Or had they? While #MeToo began as a battle cry against sexual violence, women are now using the opportunity to start valid conversations about better, healthier sex. They're charging the doors, publicly challenging everything that's been feeling toxic for them in this current sexual climate. Beyond what's legal and illegal, women are turning the lens onto damaging sex – including the kind some men might see as "normal." And they're questioning why mutual pleasure for women and men is a discussion that, so far, has been left off the table. This, they say, is the next frontier of consent.

"We have been saying for a while now that consent is a low bar. It is the lowest bar there is. After that, we need to talk about sexual pleasure and good sex – sex that you actually want to have," said Karen B. K. Chan, a Toronto-based sex and emotional-literacy educator.

The Ansari story – graphic allegations of a man relentlessly grabbing at a woman who is pulling away – showcases sex that revolves around one person pushing to get something out of another, not two people having a good time, said Lisa Wade. In her 2017 book American Hookup: The New Culture of Sex on Campus, Wade charts a transactional type of sex that pivots on being emotionally uninvested in intimate partners.

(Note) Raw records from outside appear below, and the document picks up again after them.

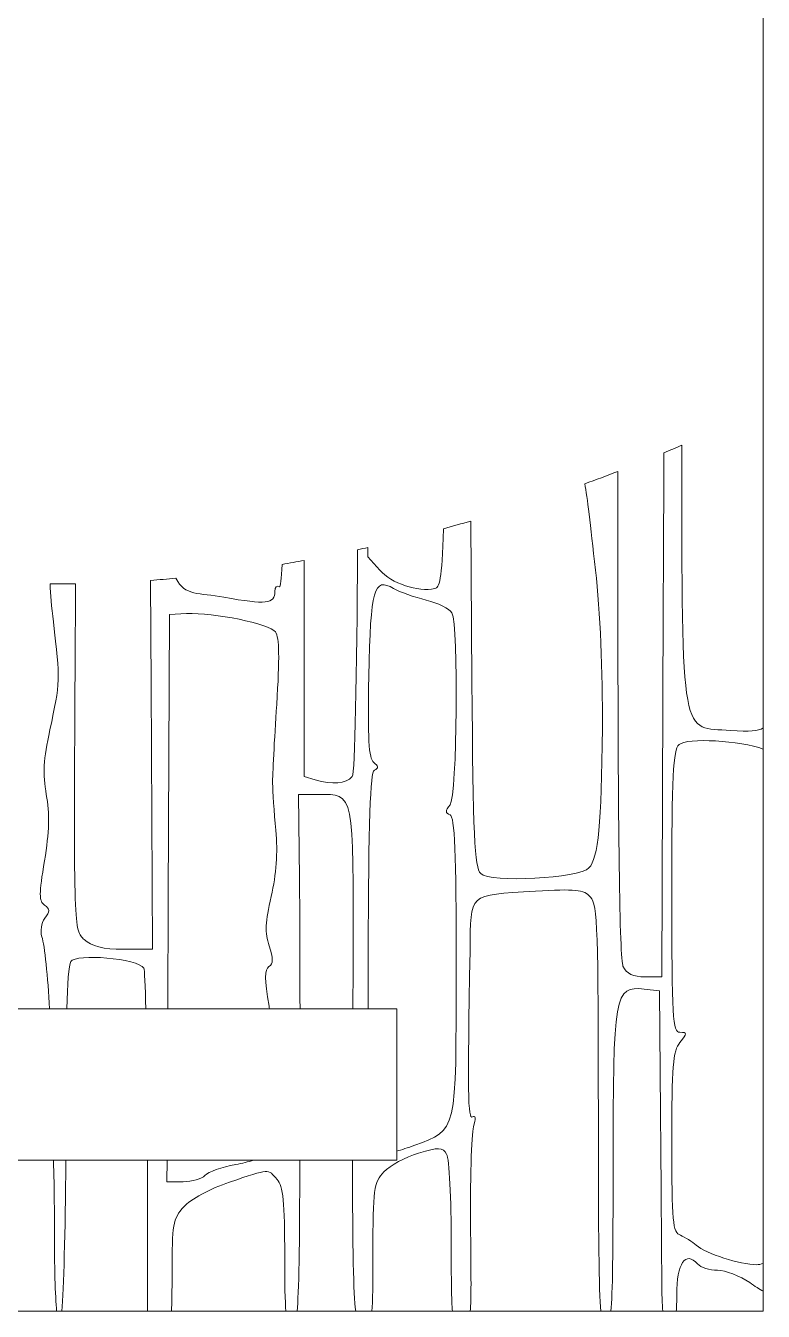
# Model space of a CAD drawing. Header units: centimetres. Extents: x -13.7 to 13.7, y -19.1 to 19.1.
# Drawn here: x -0.374 to 1.09, y -15.882 to -13.333 of the extents above; entities that cross this region are included whole.
import ezdxf

# ---------------------------------------------------------------- set-up
doc = ezdxf.new("R2010")
doc.units = ezdxf.units.CM
doc.header["$MEASUREMENT"] = 0
doc.layers.add('layer 1', color=7, linetype='Continuous')

msp = doc.modelspace()

# ---------------------------------------------------------------- linework, layer by layer
at = {"layer": 'layer 1', "color": 1, "lineweight": 9}
msp.add_open_spline([(-5.59759, -13.3321), (-5.59759, -13.3321), (-2.51529, -11.38302), (-2.51529, -11.38302), (-2.51529, -11.38302), (-2.51529, -11.38302), (0.3625, -11.38302), (0.3625, -11.38302), (0.3625, -11.38302), (0.3625, -11.38302), (0.3625, -11.0831), (0.3625, -11.0831), (0.3625, -11.0831), (0.3625, -11.0831), (-2.03792, -11.08312), (-2.03792, -11.08312), (-2.03792, -11.08312), (-2.03792, -11.08312), (-1.77137, -10.78312), (-1.77137, -10.78312), (-1.77137, -10.78312), (-1.77137, -10.78312), (1.08973, -10.78312), (1.08973, -10.78312), (1.08973, -10.78312), (1.08973, -10.78312), (1.08973, -11.0831), (1.08973, -11.0831), (1.08973, -11.0831), (1.08973, -11.0831), (1.08996, -11.0831), (1.08996, -11.0831), (1.08996, -11.0831), (1.08996, -11.0831), (1.08996, -15.58223), (1.08996, -15.58223), (1.08996, -15.58223), (1.08996, -15.58223), (1.08948, -15.88213), (1.08948, -15.88213), (1.08948, -15.88213), (1.08948, -15.88213), (-1.77958, -15.88213), (-1.77958, -15.88213), (-1.77958, -15.88213), (-1.77958, -15.88213), (-2.04084, -15.58223), (-2.04084, -15.58223), (-2.04084, -15.58223), (-2.04084, -15.58223), (0.36256, -15.58223), (0.36256, -15.58223), (0.36256, -15.58223), (0.36256, -15.58223), (0.36256, -15.28223), (0.36256, -15.28223), (0.36256, -15.28223), (0.36256, -15.28223), (-2.51495, -15.28223), (-2.51495, -15.28223), (-2.51495, -15.28223), (-2.51495, -15.28223), (-5.59759, -13.3321), (-5.59759, -13.3321)], degree=3, knots=[0, 0, 0, 0, 0.0588235, 0.0588235, 0.0588235, 0.0588235, 0.1176471, 0.1176471, 0.1176471, 0.1176471, 0.1764706, 0.1764706, 0.1764706, 0.1764706, 0.2352941, 0.2352941, 0.2352941, 0.2352941, 0.2941176, 0.2941176, 0.2941176, 0.2941176, 0.3529412, 0.3529412, 0.3529412, 0.3529412, 0.4117647, 0.4117647, 0.4117647, 0.4117647, 0.4705882, 0.4705882, 0.4705882, 0.4705882, 0.5294118, 0.5294118, 0.5294118, 0.5294118, 0.5882353, 0.5882353, 0.5882353, 0.5882353, 0.6470588, 0.6470588, 0.6470588, 0.6470588, 0.7058824, 0.7058824, 0.7058824, 0.7058824, 0.7647059, 0.7647059, 0.7647059, 0.7647059, 0.8235294, 0.8235294, 0.8235294, 0.8235294, 0.8823529, 0.8823529, 0.8823529, 0.8823529, 1, 1, 1, 1], dxfattribs=at)
at = {"layer": 'layer 1', "color": 2, "lineweight": 9}
for points, knots in [([(-0.34457, -15.05451), (-0.34457, -15.06719), (-0.34171, -15.07265), (-0.33618, -15.07646), (-0.33618, -15.07646), (-0.32528, -15.0841), (-0.32511, -15.08875), (-0.33553, -15.10283), (-0.33553, -15.10283), (-0.34245, -15.11227), (-0.34513, -15.12879), (-0.34155, -15.13937), (-0.34155, -15.13937), (-0.3357, -15.15636), (-0.32968, -15.22016), (-0.32617, -15.28223), (-0.32617, -15.28223), (-0.32617, -15.28223), (-0.29183, -15.28223), (-0.29183, -15.28223), (-0.29183, -15.28223), (-0.29079, -15.23422), (-0.28785, -15.19486), (-0.28426, -15.18867), (-0.28426, -15.18867), (-0.2745, -15.17167), (-0.15042, -15.18265), (-0.13928, -15.20152), (-0.13928, -15.20152), (-0.13774, -15.20421), (-0.13628, -15.23707), (-0.13504, -15.28223), (-0.13504, -15.28223), (-0.13504, -15.28223), (-0.09177, -15.28223), (-0.09177, -15.28223), (-0.09177, -15.28223), (-0.09177, -15.28223), (-0.09079, -15.06271), (-0.09079, -15.06271), (-0.09079, -15.06271), (-0.09079, -15.06271), (-0.08826, -14.50024), (-0.08826, -14.50024), (-0.08826, -14.50024), (-0.08826, -14.50024), (-0.05425, -14.49861), (-0.05425, -14.49861), (-0.05425, -14.49861), (-0.0003, -14.49609), (0.11026, -14.51888), (0.12207, -14.53499), (0.12207, -14.53499), (0.12971, -14.54531), (0.13036, -14.58739), (0.12442, -14.67852), (0.12442, -14.67852), (0.11978, -14.74946), (0.11611, -14.81993), (0.11636, -14.83499), (0.11636, -14.83499), (0.11661, -14.85002), (0.11946, -14.8921), (0.1228, -14.9283), (0.1228, -14.9283), (0.12686, -14.97273), (0.12386, -15.01529), (0.11359, -15.05922), (0.11359, -15.05922), (0.10164, -15.11056), (0.10074, -15.13122), (0.10945, -15.15742), (0.10945, -15.15742), (0.11782, -15.18248), (0.11776, -15.1925), (0.10914, -15.19852), (0.10914, -15.19852), (0.10034, -15.20462), (0.10034, -15.22308), (0.1092, -15.27719), (0.1092, -15.27719), (0.10953, -15.27873), (0.1097, -15.28061), (0.10994, -15.28223), (0.10994, -15.28223), (0.10994, -15.28223), (0.17072, -15.28223), (0.17072, -15.28223), (0.17072, -15.28223), (0.17064, -15.17296), (0.17031, -15.07548), (0.16975, -15.0243), (0.16975, -15.0243), (0.16975, -15.0243), (0.16771, -14.85694), (0.16771, -14.85694), (0.16771, -14.85694), (0.16771, -14.85694), (0.20822, -14.85694), (0.20822, -14.85694), (0.20822, -14.85694), (0.27837, -14.85694), (0.27739, -14.85198), (0.276, -15.1885), (0.276, -15.1885), (0.27583, -15.22845), (0.27592, -15.2466), (0.27577, -15.28223), (0.27577, -15.28223), (0.27577, -15.28223), (0.30612, -15.28223), (0.30612, -15.28223), (0.30612, -15.28223), (0.30595, -15.24732), (0.30587, -15.21202), (0.30595, -15.17419), (0.30595, -15.17419), (0.30668, -14.90877), (0.30993, -14.81293), (0.31839, -14.80901), (0.31839, -14.80901), (0.32686, -14.80512), (0.32645, -14.80106), (0.31701, -14.79347), (0.31701, -14.79347), (0.30701, -14.78558), (0.30481, -14.74686), (0.30724, -14.62311), (0.30724, -14.62311), (0.31074, -14.44842), (0.31701, -14.42596), (0.3564, -14.44867), (0.3564, -14.44867), (0.36852, -14.45573), (0.39772, -14.46614), (0.42124, -14.47185), (0.42124, -14.47185), (0.44476, -14.47754), (0.46761, -14.48877), (0.47208, -14.49674), (0.47208, -14.49674), (0.48583, -14.52107), (0.4825, -14.86117), (0.46844, -14.87802), (0.46844, -14.87802), (0.45867, -14.88967), (0.45867, -14.89356), (0.46844, -14.89762), (0.46844, -14.89762), (0.47771, -14.90145), (0.48056, -14.9715), (0.48056, -15.19689), (0.48056, -15.19689), (0.48056, -15.53187), (0.483, -15.5216), (0.39862, -15.55262), (0.39862, -15.55262), (0.38437, -15.55791), (0.37258, -15.56181), (0.36256, -15.56457), (0.36256, -15.56457), (0.36256, -15.56457), (0.36256, -15.58223), (0.36256, -15.58223), (0.36256, -15.58223), (0.36256, -15.58223), (0.27494, -15.58223), (0.27494, -15.58223), (0.27494, -15.58223), (0.27502, -15.76326), (0.27658, -15.84616), (0.28129, -15.88213), (0.28129, -15.88213), (0.28129, -15.88213), (0.31326, -15.88213), (0.31326, -15.88213), (0.31326, -15.88213), (0.31513, -15.8622), (0.31539, -15.82869), (0.31539, -15.7697), (0.31539, -15.7697), (0.31539, -15.63787), (0.31676, -15.62746), (0.33727, -15.60582), (0.33727, -15.60582), (0.34932, -15.59305), (0.38015, -15.57628), (0.40586, -15.56855), (0.40586, -15.56855), (0.44582, -15.55651), (0.45386, -15.55676), (0.46167, -15.57059), (0.46167, -15.57059), (0.46664, -15.57947), (0.4708, -15.65959), (0.4708, -15.74862), (0.4708, -15.74862), (0.47088, -15.82079), (0.4711, -15.85993), (0.47323, -15.88213), (0.47323, -15.88213), (0.47323, -15.88213), (0.50854, -15.88213), (0.50854, -15.88213), (0.50854, -15.88213), (0.51058, -15.85773), (0.51016, -15.81265), (0.5092, -15.72664), (0.5092, -15.72664), (0.50806, -15.6256), (0.51058, -15.53097), (0.51489, -15.51639), (0.51489, -15.51639), (0.51984, -15.49965), (0.51912, -15.49248), (0.51301, -15.49671), (0.51301, -15.49671), (0.50374, -15.50323), (0.50293, -15.4478), (0.50806, -15.16767), (0.50806, -15.16767), (0.51016, -15.04986), (0.50154, -15.05776), (0.63782, -15.04905), (0.63782, -15.04905), (0.71562, -15.04409), (0.73441, -15.04603), (0.74726, -15.06053), (0.74726, -15.06053), (0.76086, -15.07581), (0.76265, -15.12837), (0.76265, -15.49427), (0.76265, -15.49427), (0.76265, -15.73681), (0.76361, -15.83966), (0.76792, -15.88213), (0.76792, -15.88213), (0.76792, -15.88213), (0.78746, -15.88213), (0.78746, -15.88213), (0.78746, -15.88213), (0.79104, -15.84593), (0.79186, -15.76685), (0.79186, -15.60013), (0.79186, -15.60013), (0.79186, -15.25107), (0.79438, -15.23668), (0.85362, -15.24318), (0.85362, -15.24318), (0.85362, -15.24318), (0.88419, -15.24651), (0.88419, -15.24651), (0.88419, -15.24651), (0.88419, -15.24651), (0.88607, -15.48792), (0.88607, -15.48792), (0.88607, -15.48792), (0.88705, -15.62071), (0.88819, -15.77009), (0.8885, -15.8199), (0.8885, -15.8199), (0.88867, -15.84846), (0.88925, -15.86831), (0.89054, -15.88213), (0.89054, -15.88213), (0.89054, -15.88213), (0.91722, -15.88213), (0.91722, -15.88213), (0.91722, -15.88213), (0.91789, -15.87368), (0.9182, -15.86326), (0.9182, -15.84975), (0.9182, -15.84975), (0.9182, -15.78694), (0.9357, -15.76114), (0.9597, -15.78832), (0.9597, -15.78832), (0.9658, -15.79515), (0.98355, -15.80078), (0.99925, -15.80078), (0.99925, -15.80078), (1.01496, -15.80078), (1.04359, -15.81175), (1.06295, -15.82525), (1.06295, -15.82525), (1.07322, -15.83241), (1.08257, -15.83844), (1.08948, -15.84243), (1.08948, -15.84243), (1.08948, -15.84243), (1.08965, -15.78726), (1.08965, -15.78726), (1.08965, -15.78726), (1.08542, -15.78874), (1.08103, -15.7897), (1.0768, -15.78978), (1.0768, -15.78978), (1.04424, -15.78978), (0.97574, -15.76766), (0.95703, -15.75114), (0.95703, -15.75114), (0.94905, -15.74406), (0.93481, -15.73519), (0.92545, -15.73145), (0.92545, -15.73145), (0.91016, -15.72527), (0.90837, -15.70623), (0.90837, -15.54674), (0.90837, -15.54674), (0.90837, -15.39671), (0.91089, -15.3658), (0.92447, -15.34886), (0.92447, -15.34886), (0.93945, -15.33024), (0.93945, -15.32885), (0.92447, -15.32885), (0.92447, -15.32885), (0.91, -15.32885), (0.90837, -15.30217), (0.90837, -15.05026), (0.90837, -15.05026), (0.90837, -14.81797), (0.91081, -14.76957), (0.92277, -14.75834), (0.92277, -14.75834), (0.9383, -14.74386), (1.04497, -14.75052), (1.08996, -14.76704), (1.08996, -14.76704), (1.08996, -14.76704), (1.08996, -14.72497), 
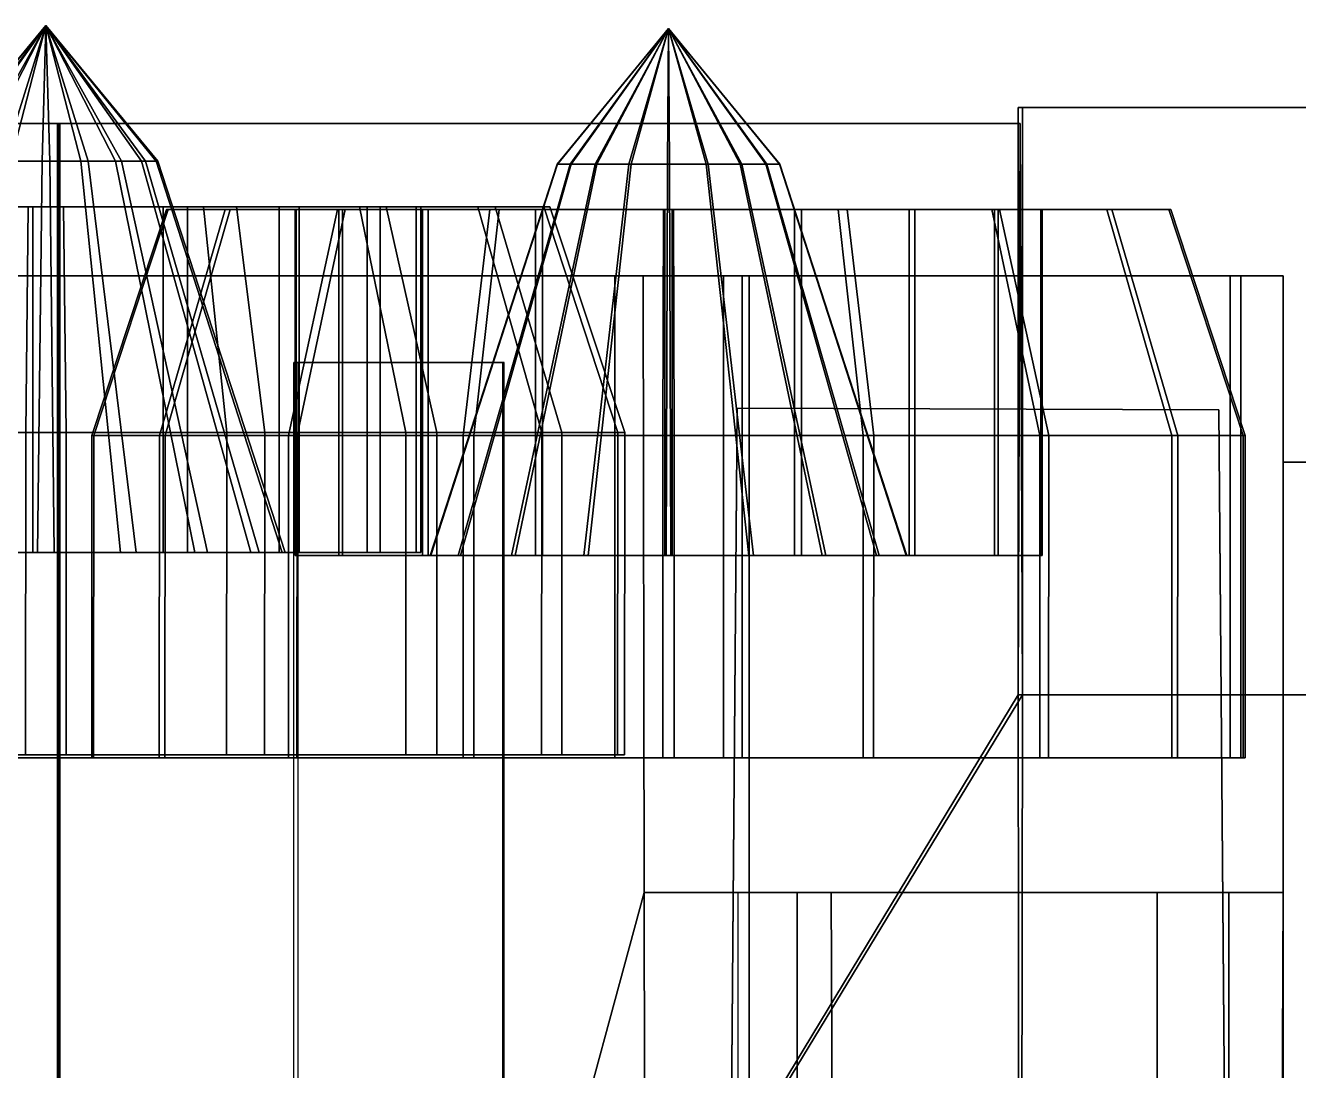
# Model space of a CAD drawing. Extents: x -7.9 to 7.9, y -12.5 to 11.9.
# Drawn here: x -0.073 to 2.019, y 10.182 to 11.9 of the extents above; entities that cross this region are included whole.
import ezdxf

# ---------------------------------------------------------------- set-up
doc = ezdxf.new("R2010")
doc.units = 0

msp = doc.modelspace()

# ---------------------------------------------------------------- linework, layer by layer
for points in [[(-0.0398, 11.8996, 2.8457), (-0.2216, 11.6766, 2.8071), (-0.2238, 11.6766, 2.8715)], [(-0.0398, 11.8996, 2.8457), (-0.2238, 11.6766, 2.8715), (-0.2039, 11.6766, 2.9328)], [(-0.0398, 11.8996, 2.8457), (-0.1975, 11.6766, 2.7474), (-0.2216, 11.6766, 2.8071)], [(-0.0398, 11.8996, 2.8457), (-0.2039, 11.6766, 2.9328), (-0.1642, 11.6766, 2.9836)], [(-0.0398, 11.8996, 2.8457), (-0.1544, 11.6766, 2.6995), (-0.1975, 11.6766, 2.7474)], [(-0.0398, 11.8996, 2.8457), (-0.1642, 11.6766, 2.9836), (-0.1095, 11.6766, 3.0177)], [(-0.0398, 11.8996, 2.8457), (-0.0975, 11.6766, 2.6692), (-0.1544, 11.6766, 2.6995)], [(-0.0398, 11.8996, 2.8457), (-0.1095, 11.6766, 3.0177), (-0.0462, 11.6766, 3.0311)], [(-0.0398, 11.8996, 2.8457), (-0.0334, 11.6766, 2.6602), (-0.0975, 11.6766, 2.6692)], [(-0.0398, 11.8996, 2.8457), (-0.0462, 11.6766, 3.0311), (0.0176, 11.6766, 3.0221)], [(-0.0398, 11.8996, 2.8457), (0.0176, 11.6766, 3.0221), (0.0745, 11.6766, 2.9918)], [(-0.0398, 11.8996, 2.8457), (0.0745, 11.6766, 2.9918), (0.1175, 11.6766, 2.9439)], [(-0.0398, 11.8996, 2.8457), (0.1175, 11.6766, 2.9439), (0.1417, 11.6766, 2.8842)], [(-0.0398, 11.8996, 2.8457), (0.1417, 11.6766, 2.8842), (0.1439, 11.6766, 2.8198)], [(-0.0398, 11.8996, 2.8457), (0.1439, 11.6766, 2.8198), (0.124, 11.6766, 2.7585)], [(-0.0398, 11.8996, 2.8457), (0.124, 11.6766, 2.7585), (0.0843, 11.6766, 2.7077)], [(-0.0398, 11.8996, 2.8457), (0.0843, 11.6766, 2.7077), (0.0296, 11.6766, 2.6736)], [(-0.0398, 11.8996, 2.8457), (0.0296, 11.6766, 2.6736), (-0.0334, 11.6766, 2.6602)], [(0.9835, 11.8948, 4.4563), (0.8005, 11.6719, 4.4259), (0.8011, 11.6719, 4.4903)], [(0.9835, 11.8948, 4.4563), (0.8219, 11.6719, 4.3651), (0.8005, 11.6719, 4.4259)], [(0.9835, 11.8948, 4.4563), (0.8011, 11.6719, 4.4903), (0.8237, 11.6719, 4.5506)], [(0.9835, 11.8948, 4.4563), (0.8629, 11.6719, 4.3153), (0.8219, 11.6719, 4.3651)], [(0.9835, 11.8948, 4.4563), (0.8237, 11.6719, 4.5506), (0.8658, 11.6719, 4.5998)], [(0.9835, 11.8948, 4.4563), (0.9184, 11.6719, 4.2826), (0.8629, 11.6719, 4.3153)], [(0.9835, 11.8948, 4.4563), (0.8658, 11.6719, 4.5998), (0.9219, 11.6719, 4.6315)], [(0.9835, 11.8948, 4.4563), (0.9817, 11.6719, 4.2708), (0.9184, 11.6719, 4.2826)], [(0.9835, 11.8948, 4.4563), (0.9219, 11.6719, 4.6315), (0.9854, 11.6719, 4.6421)], [(0.9835, 11.8948, 4.4563), (1.0453, 11.6719, 4.2814), (0.9817, 11.6719, 4.2708)], [(0.9835, 11.8948, 4.4563), (1.1014, 11.6719, 4.313), (1.0453, 11.6719, 4.2814)], [(0.9835, 11.8948, 4.4563), (1.1433, 11.6719, 4.362), (1.1014, 11.6719, 4.313)], [(0.9835, 11.8948, 4.4563), (1.166, 11.6719, 4.4225), (1.1433, 11.6719, 4.362)], [(0.9835, 11.8948, 4.4563), (1.1667, 11.6719, 4.487), (1.166, 11.6719, 4.4225)], [(0.9835, 11.8948, 4.4563), (1.1452, 11.6719, 4.5477), (1.1667, 11.6719, 4.487)], [(0.9835, 11.8948, 4.4563), (1.1043, 11.6719, 4.5975), (1.1452, 11.6719, 4.5477)], [(0.9835, 11.8948, 4.4563), (1.0488, 11.6719, 4.6303), (1.1043, 11.6719, 4.5975)], [(0.9835, 11.8948, 4.4563), (0.9854, 11.6719, 4.6421), (1.0488, 11.6719, 4.6303)], [(1.5651, 11.7645, 6.5234), (4.047, 11.7645, 6.5234), (4.047, 11.7645, 6.4394), (1.5581, 11.7645, 6.4394)], [(4.047, 10.7997, 6.4394), (1.5581, 10.7997, 6.4394), (1.5581, 11.7645, 6.4394), (4.047, 11.7645, 6.4394)], [(1.5651, 11.7645, 6.5234), (1.5581, 11.7645, 6.4394), (1.5581, 10.7997, 6.4394), (1.5651, 10.7997, 6.5172)], [(4.047, 11.7645, 6.5234), (1.5651, 11.7645, 6.5234), (1.5651, 10.7997, 6.5172), (4.047, 10.7997, 6.5172)], [(-0.0191, 8.1905, 6.5748), (-0.0191, 11.7384, 6.563), (-1.5997, 11.7384, 6.563), (-1.6033, 10.7997, 6.5511)], [(-1.5997, 11.7384, 6.4027), (-0.0171, 11.7384, 6.4027), (-0.0171, 8.1905, 6.4027), (-1.5962, 10.7997, 6.4027)], [(-0.0191, 11.7384, 6.563), (-0.0171, 11.7384, 6.4027), (-1.5997, 11.7384, 6.4027), (-1.5997, 11.7384, 6.563)], [(1.5616, 11.7384, 6.4027), (1.5581, 10.7997, 6.4027), (-0.021, 8.1905, 6.4027), (-0.021, 11.7384, 6.4027)], [(-0.0191, 11.7384, 6.563), (1.5616, 11.7384, 6.563), (1.5616, 11.7384, 6.4027), (-0.021, 11.7384, 6.4027)], [(-0.0191, 8.1905, 6.5748), (1.5651, 10.7997, 6.5511), (1.5616, 11.7384, 6.563), (-0.0191, 11.7384, 6.563)], [(1.5616, 11.7384, 6.563), (1.5651, 10.7997, 6.5511), (1.5581, 10.7997, 6.4027), (1.5616, 11.7384, 6.4027)], [(-0.1888, 11.0333, 3.2139), (-0.0535, 11.0333, 3.2426), (-0.0462, 11.6766, 3.0311), (-0.1095, 11.6766, 3.0177)], [(-0.0261, 11.0333, 2.4488), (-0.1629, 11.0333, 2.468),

"We've decided that sex is a place where you don't have to be nice or treat other people like they're equal. Here it's perfectly acceptable to be unkind and callous, to lie, to promise," said Wade. "When that's the mentality, you start to see the people you want to extract sex from as targets, not humans."

She describes disheartening conversations with her students at Occidental College in Los Angeles, where she is an associate professor of sociology. "Almost every woman who interacts with men has at some point had that moment where she's like, 'Oh, I'm not a person. I'm just something he wants to have for a second.' One of my students talked about feeling like 'a masturbation toy.'"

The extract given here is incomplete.